┌─ Data for the task

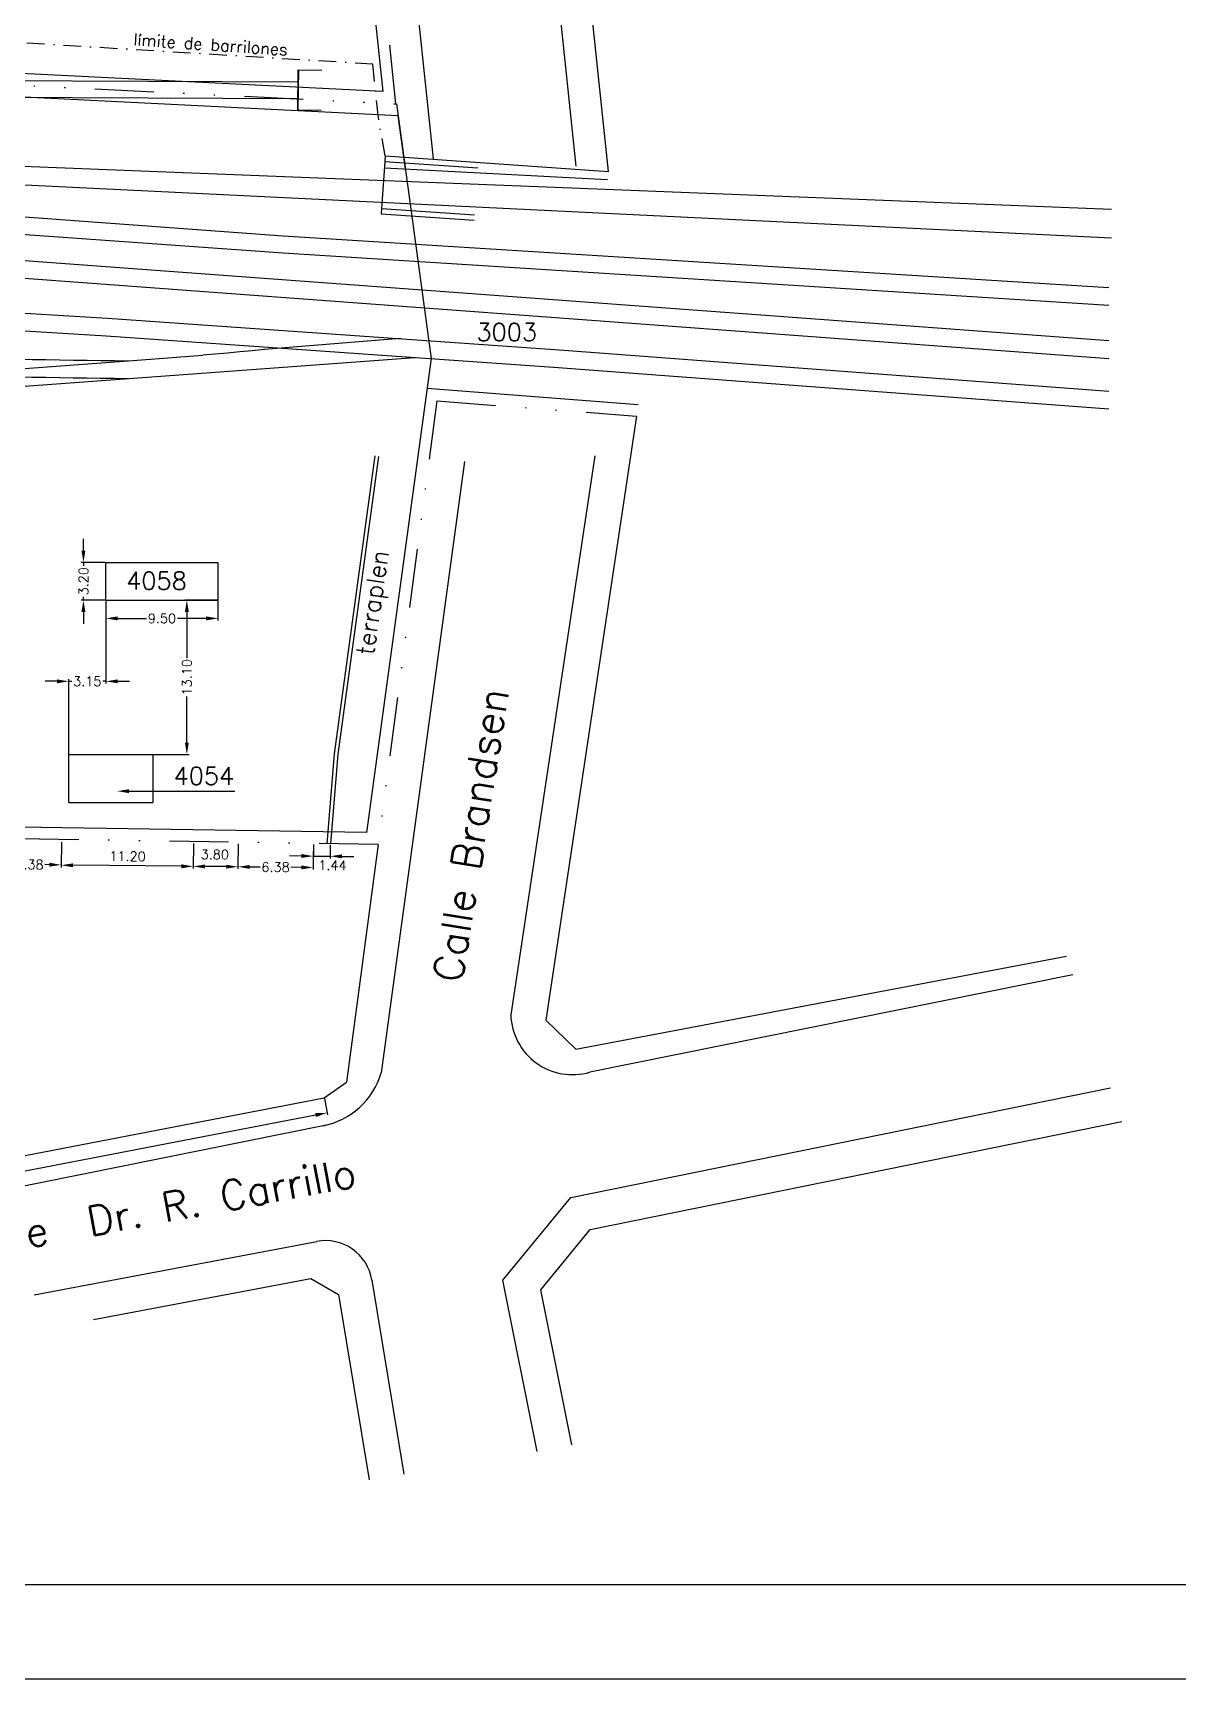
# Model space of a CAD drawing. Header units: metres. Extents: x -2640 to -492, y 2614 to 2999.
# Drawn here: x -1073.2 to -976.1, y 2614.1 to 2753.8 of the extents above; entities that cross this region are included whole.
import ezdxf

# ---------------------------------------------------------------- set-up
doc = ezdxf.new("R2010")
doc.units = ezdxf.units.M
doc.header["$LTSCALE"] = 10
doc.header["$MEASUREMENT"] = 0
doc.linetypes.add('DASHDOT', pattern=[1, 0.5, -0.25, 0, -0.25])
doc.linetypes.add('DIVIDE', pattern=[1.25, 0.5, -0.25, 0, -0.25, 0, -0.25])
doc.layers.get('0').update_dxf_attribs({"linetype": 'CONTINUOUS'})
doc.layers.get('DEFPOINTS').update_dxf_attribs({"linetype": 'CONTINUOUS'})
for name, color, linetype in [('ADIF', 150, 'CONTINUOUS'), ('CALLES', 2, 'CONTINUOUS'), ('COTAS', 2, 'CONTINUOUS'), ('EDIFICIOS', 4, 'CONTINUOUS'), ('LINE_02', 2, 'CONTINUOUS'), ('RECUADRO', 9, 'CONTINUOUS'), ('RECUADRO2', 2, 'CONTINUOUS'), ('TEXT-02', 2, 'CONTINUOUS'), ('TEXT-03', 3, 'CONTINUOUS'), ('Titulo (Solo límites)', 102, 'DIVIDE'), ('TMR', 220, 'CONTINUOUS'), ('VIAS', 1, 'CONTINUOUS')]:
    doc.layers.add(name, color=color, linetype=linetype)
doc.styles.add('ROMANS', font='romans.shx')
doc.dimstyles.new('CHICAS', dxfattribs={"dimtxt": 0.8, "dimasz": 1, "dimexe": 0.18, "dimexo": 0.0625, "dimgap": 0.09, "dimtad": 0, "dimzin": 0, "dimdsep": 46, "dimtxsty": 'ROMANS', "dimcen": 0.09, "dimclrd": 1, "dimclre": 1, "dimclrt": 7, "dimadec": 0, "dimazin": 0, "dimtfac": 1, "dimtmove": 2, "dimatfit": 3, "dimfxl": 0, "dimtolj": 1, "dimtzin": 0, "dimarcsym": 0})

# ---------------------------------------------------------------- blocks, each defined once
blk = doc.blocks.new('*D23')
at = {"layer": 'COTAS', "color": 1, "lineweight": -2}
for p, q in [((-1076.21, 2685.14), (-1076.23, 2683.04)), ((-1070.83, 2685.09), (-1070.85, 2682.99)), ((-1075.23, 2683.21), (-1074.84, 2683.21)), ((-1071.85, 2683.18), (-1072.23, 2683.19))]:
    blk.add_line(p, q, dxfattribs=at)
at = {"layer": 'COTAS', "color": 1}
for points in [[(-1075.22, 2683.38), (-1075.23, 2683.05), (-1076.23, 2683.22)], [(-1071.84, 2683.35), (-1071.85, 2683.02), (-1070.85, 2683.17)]]:
    blk.add_solid(points, dxfattribs=at)
at = {"layer": 'DEFPOINTS', "color": 0}
for p in [(-1076.21, 2685.2), (-1070.83, 2685.15), (-1076.23, 2683.22)]:
    blk.add_point(p, dxfattribs=at)
at = {"layer": 'COTAS', "color": 7, "insert": (-1073.54, 2683.2), "char_height": 0.8, "attachment_point": 5, "rotation": 359.475, "style": 'ROMANS'}
blk.add_mtext('\\A1;5.38', dxfattribs=at)
blk = doc.blocks.new('*D24')
at = {"layer": 'COTAS', "color": 1, "lineweight": -2}
for p, q in [((-1070.83, 2685.09), (-1070.85, 2682.96)), ((-1059.63, 2684.99), (-1059.65, 2682.86)), ((-1060.65, 2683.05), (-1069.85, 2683.14))]:
    blk.add_line(p, q, dxfattribs=at)
at = {"layer": 'COTAS', "color": 1}
for points in [[(-1069.84, 2683.3), (-1069.85, 2682.97), (-1070.85, 2683.14)], [(-1060.64, 2683.22), (-1060.65, 2682.88), (-1059.65, 2683.04)]]:
    blk.add_solid(points, dxfattribs=at)
at = {"layer": 'DEFPOINTS', "color": 0}
for p in [(-1070.83, 2685.15), (-1059.63, 2685.05), (-1070.85, 2683.14)]:
    blk.add_point(p, dxfattribs=at)
at = {"layer": 'COTAS', "color": 7, "insert": (-1065.22, 2683.9), "char_height": 0.8, "attachment_point": 5, "rotation": 359.475, "style": 'ROMANS'}
blk.add_mtext('\\A1;11.20', dxfattribs=at)
blk = doc.blocks.new('*D25')
at = {"layer": 'COTAS', "color": 1, "lineweight": -2}
for p, q in [((-1059.63, 2684.99), (-1059.65, 2682.86)), ((-1055.83, 2684.95), (-1055.85, 2682.83)), ((-1056.85, 2683.02), (-1058.65, 2683.03))]:
    blk.add_line(p, q, dxfattribs=at)
at = {"layer": 'COTAS', "color": 1}
for points in [[(-1058.64, 2683.2), (-1058.65, 2682.87), (-1059.65, 2683.04)], [(-1056.84, 2683.18), (-1056.85, 2682.85), (-1055.85, 2683.01)]]:
    blk.add_solid(points, dxfattribs=at)
at = {"layer": 'DEFPOINTS', "color": 0}
for p in [(-1059.63, 2685.05), (-1055.83, 2685.02), (-1059.65, 2683.04)]:
    blk.add_point(p, dxfattribs=at)
at = {"layer": 'COTAS', "color": 7, "insert": (-1057.81, 2684.05), "char_height": 0.8, "attachment_point": 5, "rotation": 359.475, "style": 'ROMANS'}
blk.add_mtext('\\A1;3.80', dxfattribs=at)
blk = doc.blocks.new('*D26')
at = {"layer": 'COTAS', "color": 1, "lineweight": -2}
for p, q in [((-1055.83, 2684.95), (-1055.85, 2682.83)), ((-1049.45, 2684.9), (-1049.47, 2682.77)), ((-1054.85, 2683), (-1053.95, 2682.99)), ((-1050.47, 2682.96), (-1051.37, 2682.97))]:
    blk.add_line(p, q, dxfattribs=at)
at = {"layer": 'COTAS', "color": 1}
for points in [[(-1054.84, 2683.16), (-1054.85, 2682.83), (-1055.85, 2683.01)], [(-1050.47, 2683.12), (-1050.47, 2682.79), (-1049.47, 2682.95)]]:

└─

◆ Exercise
Lines that include the word "layers" are to be extracted from the data above.

◆ The completed task
doc.layers.get('0').update_dxf_attribs({"linetype": 'CONTINUOUS'})
doc.layers.get('DEFPOINTS').update_dxf_attribs({"linetype": 'CONTINUOUS'})
    doc.layers.add(name, color=color, linetype=linetype)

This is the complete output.